» What is required
Copy out each line featuring the string "Standard" from the entries beneath.

╭─ Material supplied

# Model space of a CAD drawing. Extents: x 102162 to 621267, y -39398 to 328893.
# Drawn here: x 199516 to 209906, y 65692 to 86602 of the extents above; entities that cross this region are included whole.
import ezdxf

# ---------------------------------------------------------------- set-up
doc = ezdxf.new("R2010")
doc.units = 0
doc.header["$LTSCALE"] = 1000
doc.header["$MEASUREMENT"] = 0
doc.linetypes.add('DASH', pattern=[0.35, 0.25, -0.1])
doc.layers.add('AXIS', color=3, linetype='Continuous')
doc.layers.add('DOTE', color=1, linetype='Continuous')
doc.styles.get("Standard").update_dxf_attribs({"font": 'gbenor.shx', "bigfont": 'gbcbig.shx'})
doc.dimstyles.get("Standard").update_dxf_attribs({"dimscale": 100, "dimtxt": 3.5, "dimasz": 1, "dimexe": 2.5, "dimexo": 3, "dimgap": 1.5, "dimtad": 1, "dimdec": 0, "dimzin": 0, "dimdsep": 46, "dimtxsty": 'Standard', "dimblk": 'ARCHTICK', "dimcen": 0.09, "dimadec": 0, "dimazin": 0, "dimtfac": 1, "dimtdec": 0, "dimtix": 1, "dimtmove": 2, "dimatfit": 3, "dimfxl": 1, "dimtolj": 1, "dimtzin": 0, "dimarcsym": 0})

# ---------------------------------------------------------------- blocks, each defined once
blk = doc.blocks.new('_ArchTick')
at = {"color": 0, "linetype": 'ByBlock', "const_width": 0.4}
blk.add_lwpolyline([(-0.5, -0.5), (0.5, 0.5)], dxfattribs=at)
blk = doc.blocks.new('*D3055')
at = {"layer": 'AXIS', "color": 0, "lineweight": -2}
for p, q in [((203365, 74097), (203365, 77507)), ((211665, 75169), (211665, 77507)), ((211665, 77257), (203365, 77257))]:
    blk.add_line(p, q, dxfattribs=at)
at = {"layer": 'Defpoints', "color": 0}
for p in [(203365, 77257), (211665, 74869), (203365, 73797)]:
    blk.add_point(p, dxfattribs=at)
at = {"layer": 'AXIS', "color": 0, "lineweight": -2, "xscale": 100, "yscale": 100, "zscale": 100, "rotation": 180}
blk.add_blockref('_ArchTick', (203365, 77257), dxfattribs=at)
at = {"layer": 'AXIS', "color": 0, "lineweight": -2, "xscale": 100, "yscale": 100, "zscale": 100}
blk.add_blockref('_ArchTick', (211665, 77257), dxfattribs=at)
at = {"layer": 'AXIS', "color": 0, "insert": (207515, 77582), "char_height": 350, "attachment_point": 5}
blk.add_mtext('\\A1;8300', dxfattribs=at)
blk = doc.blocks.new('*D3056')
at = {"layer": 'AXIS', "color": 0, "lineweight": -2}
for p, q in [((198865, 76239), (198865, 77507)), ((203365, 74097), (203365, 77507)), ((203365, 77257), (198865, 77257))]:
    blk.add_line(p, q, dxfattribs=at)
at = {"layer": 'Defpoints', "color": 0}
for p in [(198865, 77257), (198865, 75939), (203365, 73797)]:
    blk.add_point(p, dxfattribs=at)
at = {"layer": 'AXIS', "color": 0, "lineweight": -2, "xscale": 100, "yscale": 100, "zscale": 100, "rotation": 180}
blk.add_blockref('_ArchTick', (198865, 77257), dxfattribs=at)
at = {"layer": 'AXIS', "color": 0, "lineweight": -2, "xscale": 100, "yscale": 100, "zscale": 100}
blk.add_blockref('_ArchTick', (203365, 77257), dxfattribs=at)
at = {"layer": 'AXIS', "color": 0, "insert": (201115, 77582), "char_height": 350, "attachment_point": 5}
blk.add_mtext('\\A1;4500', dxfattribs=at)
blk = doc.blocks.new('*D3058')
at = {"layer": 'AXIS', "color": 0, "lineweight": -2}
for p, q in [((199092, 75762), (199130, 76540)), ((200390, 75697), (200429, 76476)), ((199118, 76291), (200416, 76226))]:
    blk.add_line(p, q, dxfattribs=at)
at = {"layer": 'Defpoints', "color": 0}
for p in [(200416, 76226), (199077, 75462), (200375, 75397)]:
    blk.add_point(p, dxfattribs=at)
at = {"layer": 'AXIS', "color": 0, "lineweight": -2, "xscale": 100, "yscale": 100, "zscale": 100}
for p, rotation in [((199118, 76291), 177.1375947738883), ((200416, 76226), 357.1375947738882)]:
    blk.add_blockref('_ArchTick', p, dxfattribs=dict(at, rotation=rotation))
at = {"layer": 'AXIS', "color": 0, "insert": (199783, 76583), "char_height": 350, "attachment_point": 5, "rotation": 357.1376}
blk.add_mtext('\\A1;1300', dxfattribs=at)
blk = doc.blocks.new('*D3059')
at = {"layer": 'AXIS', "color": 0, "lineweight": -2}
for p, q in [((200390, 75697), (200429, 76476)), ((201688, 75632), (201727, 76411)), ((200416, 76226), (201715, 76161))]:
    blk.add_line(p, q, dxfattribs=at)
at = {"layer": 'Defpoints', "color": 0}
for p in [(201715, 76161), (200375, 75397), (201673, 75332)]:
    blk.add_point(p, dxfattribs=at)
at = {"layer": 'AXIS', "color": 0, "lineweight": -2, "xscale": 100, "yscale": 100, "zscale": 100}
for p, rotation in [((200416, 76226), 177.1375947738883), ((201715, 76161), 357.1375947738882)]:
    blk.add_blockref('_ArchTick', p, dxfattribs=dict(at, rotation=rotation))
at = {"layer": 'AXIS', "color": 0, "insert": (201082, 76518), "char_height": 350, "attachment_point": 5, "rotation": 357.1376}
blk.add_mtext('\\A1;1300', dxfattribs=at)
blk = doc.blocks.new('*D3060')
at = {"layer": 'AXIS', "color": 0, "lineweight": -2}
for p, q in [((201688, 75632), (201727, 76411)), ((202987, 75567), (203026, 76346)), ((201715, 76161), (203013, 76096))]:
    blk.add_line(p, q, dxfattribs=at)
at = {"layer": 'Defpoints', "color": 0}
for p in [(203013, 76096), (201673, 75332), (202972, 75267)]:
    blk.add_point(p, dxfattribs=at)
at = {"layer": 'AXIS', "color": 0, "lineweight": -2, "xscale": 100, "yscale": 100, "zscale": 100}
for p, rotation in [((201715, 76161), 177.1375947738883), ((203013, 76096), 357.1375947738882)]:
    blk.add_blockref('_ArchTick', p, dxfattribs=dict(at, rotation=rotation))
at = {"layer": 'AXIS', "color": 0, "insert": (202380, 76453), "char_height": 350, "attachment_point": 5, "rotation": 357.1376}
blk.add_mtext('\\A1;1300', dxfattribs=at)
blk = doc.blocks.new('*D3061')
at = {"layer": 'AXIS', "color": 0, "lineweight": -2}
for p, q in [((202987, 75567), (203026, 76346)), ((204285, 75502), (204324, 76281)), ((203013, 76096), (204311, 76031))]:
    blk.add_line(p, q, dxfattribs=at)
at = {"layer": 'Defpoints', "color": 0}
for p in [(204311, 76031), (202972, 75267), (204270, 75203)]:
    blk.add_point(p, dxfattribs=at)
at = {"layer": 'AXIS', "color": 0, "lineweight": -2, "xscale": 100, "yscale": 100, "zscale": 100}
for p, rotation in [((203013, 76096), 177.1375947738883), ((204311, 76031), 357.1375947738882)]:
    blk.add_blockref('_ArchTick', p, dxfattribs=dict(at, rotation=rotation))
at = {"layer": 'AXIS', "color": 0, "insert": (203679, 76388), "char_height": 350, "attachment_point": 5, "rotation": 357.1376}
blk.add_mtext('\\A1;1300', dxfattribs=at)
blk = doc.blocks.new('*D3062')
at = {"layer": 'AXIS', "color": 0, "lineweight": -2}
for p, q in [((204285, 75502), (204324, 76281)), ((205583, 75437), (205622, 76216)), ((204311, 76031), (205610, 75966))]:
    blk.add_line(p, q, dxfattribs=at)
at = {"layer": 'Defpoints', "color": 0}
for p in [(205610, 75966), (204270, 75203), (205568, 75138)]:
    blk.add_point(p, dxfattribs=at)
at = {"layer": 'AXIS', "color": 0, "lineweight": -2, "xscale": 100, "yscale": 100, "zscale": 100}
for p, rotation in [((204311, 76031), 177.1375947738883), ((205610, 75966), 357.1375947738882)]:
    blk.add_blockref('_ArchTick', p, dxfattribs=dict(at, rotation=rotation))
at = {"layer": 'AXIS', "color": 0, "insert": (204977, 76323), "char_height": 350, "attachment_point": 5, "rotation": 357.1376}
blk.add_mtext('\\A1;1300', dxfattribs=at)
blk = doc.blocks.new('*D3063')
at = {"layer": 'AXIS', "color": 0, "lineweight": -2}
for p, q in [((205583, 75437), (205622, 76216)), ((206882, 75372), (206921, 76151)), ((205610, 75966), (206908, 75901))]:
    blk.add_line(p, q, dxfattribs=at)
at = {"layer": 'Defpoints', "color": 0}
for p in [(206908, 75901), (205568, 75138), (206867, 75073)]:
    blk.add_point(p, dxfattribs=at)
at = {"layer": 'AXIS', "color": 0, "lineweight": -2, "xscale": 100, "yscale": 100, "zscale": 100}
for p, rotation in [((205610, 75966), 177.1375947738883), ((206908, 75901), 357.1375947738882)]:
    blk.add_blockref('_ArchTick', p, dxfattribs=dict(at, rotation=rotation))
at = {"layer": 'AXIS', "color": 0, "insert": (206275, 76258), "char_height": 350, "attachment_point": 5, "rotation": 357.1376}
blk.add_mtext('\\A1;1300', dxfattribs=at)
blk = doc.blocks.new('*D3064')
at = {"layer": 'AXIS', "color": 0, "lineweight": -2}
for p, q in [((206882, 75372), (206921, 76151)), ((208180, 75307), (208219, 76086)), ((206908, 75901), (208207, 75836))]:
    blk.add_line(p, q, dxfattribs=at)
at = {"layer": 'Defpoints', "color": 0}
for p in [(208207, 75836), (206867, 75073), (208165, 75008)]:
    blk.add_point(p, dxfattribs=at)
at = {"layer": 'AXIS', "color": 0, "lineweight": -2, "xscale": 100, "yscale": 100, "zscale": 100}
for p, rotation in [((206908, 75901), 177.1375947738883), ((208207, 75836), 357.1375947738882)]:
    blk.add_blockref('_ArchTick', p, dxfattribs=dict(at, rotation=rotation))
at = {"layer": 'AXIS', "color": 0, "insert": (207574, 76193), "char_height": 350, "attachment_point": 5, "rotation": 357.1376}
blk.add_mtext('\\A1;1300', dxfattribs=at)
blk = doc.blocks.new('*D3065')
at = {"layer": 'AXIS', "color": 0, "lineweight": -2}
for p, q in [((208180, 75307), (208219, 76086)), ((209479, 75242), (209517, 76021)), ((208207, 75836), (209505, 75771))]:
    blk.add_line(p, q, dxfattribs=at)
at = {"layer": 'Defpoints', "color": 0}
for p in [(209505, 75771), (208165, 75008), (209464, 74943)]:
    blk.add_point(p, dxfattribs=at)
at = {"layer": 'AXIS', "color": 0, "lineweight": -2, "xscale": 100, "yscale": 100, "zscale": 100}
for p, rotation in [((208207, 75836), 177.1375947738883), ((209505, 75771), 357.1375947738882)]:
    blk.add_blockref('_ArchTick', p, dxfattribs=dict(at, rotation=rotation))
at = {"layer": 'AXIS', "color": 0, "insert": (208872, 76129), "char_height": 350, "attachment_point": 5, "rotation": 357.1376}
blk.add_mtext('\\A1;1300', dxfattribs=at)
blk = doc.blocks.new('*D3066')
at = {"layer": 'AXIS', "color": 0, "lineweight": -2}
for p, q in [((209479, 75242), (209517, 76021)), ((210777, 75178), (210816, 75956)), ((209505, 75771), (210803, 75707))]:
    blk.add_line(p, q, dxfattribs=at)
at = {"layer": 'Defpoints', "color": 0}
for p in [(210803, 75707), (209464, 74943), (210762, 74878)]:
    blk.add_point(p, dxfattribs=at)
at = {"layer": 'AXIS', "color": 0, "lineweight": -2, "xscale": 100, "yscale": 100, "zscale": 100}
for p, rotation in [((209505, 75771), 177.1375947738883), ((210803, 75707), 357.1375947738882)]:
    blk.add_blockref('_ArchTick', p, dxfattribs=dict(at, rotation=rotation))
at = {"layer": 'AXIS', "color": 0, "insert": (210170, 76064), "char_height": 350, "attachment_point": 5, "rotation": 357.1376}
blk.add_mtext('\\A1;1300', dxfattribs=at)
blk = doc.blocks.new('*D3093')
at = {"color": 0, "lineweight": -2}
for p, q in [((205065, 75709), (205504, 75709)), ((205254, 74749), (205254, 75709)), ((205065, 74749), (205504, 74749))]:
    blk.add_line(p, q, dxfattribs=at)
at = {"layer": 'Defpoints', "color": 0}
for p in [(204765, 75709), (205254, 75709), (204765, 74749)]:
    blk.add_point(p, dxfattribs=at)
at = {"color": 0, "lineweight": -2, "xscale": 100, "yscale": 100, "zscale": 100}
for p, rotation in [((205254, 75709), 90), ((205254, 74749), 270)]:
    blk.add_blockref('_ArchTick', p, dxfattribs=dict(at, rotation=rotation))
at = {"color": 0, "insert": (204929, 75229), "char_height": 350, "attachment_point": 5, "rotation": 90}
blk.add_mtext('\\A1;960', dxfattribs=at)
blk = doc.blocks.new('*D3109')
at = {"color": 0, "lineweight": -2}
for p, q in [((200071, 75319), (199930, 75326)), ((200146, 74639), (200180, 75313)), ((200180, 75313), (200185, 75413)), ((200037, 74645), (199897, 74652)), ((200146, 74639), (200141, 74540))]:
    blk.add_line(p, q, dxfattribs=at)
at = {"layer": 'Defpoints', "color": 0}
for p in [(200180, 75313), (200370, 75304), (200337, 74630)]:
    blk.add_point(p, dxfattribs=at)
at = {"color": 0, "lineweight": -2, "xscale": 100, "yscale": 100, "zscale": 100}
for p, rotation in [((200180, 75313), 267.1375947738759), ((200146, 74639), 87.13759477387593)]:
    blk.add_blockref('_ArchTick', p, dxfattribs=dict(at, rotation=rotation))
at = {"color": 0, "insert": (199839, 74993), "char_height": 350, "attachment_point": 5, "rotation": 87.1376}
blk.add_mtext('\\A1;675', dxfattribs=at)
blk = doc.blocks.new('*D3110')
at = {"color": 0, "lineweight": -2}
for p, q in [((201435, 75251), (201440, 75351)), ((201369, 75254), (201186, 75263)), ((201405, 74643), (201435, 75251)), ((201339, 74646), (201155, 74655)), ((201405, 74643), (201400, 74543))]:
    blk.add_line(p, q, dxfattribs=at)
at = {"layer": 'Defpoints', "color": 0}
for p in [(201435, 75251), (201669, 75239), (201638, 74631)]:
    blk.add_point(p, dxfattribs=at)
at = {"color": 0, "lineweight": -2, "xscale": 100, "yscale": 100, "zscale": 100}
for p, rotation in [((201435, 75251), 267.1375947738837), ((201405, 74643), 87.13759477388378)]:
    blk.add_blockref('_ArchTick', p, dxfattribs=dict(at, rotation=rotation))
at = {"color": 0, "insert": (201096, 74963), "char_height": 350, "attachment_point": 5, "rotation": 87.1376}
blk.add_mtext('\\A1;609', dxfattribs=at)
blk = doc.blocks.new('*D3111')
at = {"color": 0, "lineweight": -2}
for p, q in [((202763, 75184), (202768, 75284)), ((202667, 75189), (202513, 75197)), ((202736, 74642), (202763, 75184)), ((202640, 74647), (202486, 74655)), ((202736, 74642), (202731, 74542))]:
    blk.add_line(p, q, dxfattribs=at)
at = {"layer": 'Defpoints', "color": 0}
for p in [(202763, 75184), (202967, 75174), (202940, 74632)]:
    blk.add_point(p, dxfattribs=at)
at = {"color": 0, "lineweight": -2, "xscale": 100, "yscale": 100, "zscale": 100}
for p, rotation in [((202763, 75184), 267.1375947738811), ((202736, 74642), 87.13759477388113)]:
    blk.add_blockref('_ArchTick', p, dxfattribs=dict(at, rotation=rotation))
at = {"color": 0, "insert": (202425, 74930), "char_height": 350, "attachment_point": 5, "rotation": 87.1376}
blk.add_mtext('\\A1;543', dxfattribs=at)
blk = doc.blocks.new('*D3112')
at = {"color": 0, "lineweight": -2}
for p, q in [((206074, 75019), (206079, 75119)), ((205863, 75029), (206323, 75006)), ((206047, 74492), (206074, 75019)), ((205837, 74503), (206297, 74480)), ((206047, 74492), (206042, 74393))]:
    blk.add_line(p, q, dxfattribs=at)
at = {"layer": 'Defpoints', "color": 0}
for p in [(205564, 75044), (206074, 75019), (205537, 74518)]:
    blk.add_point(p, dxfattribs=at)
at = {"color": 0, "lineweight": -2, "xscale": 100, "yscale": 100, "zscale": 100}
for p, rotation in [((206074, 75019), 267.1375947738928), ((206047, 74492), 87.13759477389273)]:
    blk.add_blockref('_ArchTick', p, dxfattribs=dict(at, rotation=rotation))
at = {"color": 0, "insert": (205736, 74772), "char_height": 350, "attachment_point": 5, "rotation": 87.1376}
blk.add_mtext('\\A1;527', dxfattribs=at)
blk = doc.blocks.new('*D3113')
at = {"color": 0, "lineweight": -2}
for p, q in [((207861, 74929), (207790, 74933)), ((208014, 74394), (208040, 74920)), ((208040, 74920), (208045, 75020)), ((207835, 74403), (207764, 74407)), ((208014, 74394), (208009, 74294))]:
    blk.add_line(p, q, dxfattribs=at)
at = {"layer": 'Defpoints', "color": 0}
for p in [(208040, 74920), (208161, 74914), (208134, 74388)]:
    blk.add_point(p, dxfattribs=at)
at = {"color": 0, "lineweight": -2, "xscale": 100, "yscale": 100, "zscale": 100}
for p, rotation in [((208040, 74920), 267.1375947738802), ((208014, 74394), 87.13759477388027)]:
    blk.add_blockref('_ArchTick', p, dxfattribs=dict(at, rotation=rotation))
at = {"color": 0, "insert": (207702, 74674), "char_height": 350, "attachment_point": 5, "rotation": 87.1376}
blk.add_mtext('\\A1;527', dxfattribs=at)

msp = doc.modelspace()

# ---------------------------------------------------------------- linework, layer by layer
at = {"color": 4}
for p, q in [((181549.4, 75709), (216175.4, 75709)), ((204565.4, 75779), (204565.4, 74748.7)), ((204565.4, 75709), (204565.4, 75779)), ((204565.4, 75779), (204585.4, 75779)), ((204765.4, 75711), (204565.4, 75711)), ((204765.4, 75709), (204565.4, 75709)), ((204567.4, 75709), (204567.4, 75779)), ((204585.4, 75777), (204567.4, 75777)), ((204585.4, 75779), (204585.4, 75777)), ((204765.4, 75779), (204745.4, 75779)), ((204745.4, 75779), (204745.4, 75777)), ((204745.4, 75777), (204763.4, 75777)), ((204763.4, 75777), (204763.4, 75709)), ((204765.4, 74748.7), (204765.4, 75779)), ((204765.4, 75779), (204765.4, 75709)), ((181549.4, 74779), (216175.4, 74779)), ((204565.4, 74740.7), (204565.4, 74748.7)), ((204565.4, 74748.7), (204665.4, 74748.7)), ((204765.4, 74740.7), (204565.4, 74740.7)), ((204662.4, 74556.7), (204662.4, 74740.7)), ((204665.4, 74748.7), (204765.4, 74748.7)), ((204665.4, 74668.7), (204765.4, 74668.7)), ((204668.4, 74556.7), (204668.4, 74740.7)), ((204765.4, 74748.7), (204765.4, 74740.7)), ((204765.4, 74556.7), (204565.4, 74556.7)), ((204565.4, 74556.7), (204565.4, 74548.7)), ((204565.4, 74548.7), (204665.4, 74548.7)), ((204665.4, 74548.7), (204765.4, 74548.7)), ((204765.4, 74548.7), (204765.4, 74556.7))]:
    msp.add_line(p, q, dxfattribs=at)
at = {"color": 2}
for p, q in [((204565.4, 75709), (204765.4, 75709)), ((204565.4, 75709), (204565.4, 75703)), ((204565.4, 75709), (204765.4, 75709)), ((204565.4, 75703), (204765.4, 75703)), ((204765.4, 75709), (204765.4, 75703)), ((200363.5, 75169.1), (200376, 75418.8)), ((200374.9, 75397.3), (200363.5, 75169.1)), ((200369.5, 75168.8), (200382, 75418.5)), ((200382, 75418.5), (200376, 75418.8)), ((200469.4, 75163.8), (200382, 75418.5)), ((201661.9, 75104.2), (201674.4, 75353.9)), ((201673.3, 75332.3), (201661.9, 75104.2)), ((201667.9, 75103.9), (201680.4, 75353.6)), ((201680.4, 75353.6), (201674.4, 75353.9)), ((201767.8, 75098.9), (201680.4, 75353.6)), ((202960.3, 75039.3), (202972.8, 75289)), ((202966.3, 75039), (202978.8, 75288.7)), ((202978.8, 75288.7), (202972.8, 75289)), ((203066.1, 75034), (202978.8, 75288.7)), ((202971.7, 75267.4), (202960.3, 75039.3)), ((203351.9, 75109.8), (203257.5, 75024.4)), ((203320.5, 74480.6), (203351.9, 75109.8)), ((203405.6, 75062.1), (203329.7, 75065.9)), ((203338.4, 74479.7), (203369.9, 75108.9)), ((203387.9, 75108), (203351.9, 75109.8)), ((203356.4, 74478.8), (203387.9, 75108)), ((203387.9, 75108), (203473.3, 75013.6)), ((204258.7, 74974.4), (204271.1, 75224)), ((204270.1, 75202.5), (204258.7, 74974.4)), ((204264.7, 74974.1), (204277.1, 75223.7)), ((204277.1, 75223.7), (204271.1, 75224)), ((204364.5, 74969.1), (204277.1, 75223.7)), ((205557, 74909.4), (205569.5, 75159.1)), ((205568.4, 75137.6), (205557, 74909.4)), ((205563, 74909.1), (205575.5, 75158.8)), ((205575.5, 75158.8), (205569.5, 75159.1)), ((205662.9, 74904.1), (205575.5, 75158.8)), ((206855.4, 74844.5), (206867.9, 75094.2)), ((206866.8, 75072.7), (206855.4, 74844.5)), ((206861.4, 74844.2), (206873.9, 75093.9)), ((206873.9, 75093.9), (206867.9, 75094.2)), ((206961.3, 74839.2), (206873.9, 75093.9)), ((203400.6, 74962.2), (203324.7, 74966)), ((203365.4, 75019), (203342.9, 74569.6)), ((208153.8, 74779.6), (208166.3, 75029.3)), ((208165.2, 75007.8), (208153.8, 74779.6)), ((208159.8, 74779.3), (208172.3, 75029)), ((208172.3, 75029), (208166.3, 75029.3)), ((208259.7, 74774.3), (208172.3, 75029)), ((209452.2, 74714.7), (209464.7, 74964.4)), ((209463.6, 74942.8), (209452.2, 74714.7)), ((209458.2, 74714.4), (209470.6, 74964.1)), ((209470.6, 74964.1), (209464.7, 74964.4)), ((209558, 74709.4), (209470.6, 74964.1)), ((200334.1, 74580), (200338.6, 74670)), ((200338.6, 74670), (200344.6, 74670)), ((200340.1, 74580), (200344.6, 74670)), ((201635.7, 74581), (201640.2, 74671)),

╰─

» Answer space
doc.styles.get("Standard").update_dxf_attribs({"font": 'gbenor.shx', "bigfont": 'gbcbig.shx'})
doc.dimstyles.get("Standard").update_dxf_attribs({"dimscale": 100, "dimtxt": 3.5, "dimasz": 1, "dimexe": 2.5, "dimexo": 3, "dimgap": 1.5, "dimtad": 1, "dimdec": 0, "dimzin": 0, "dimdsep": 46, "dimtxsty": 'Standard', "dimblk": 'ARCHTICK', "dimcen": 0.09, "dimadec": 0, "dimazin": 0, "dimtfac": 1, "dimtdec": 0, "dimtix": 1, "dimtmove": 2, "dimatfit": 3, "dimfxl": 1, "dimtolj": 1, "dimtzin": 0, "dimarcsym": 0})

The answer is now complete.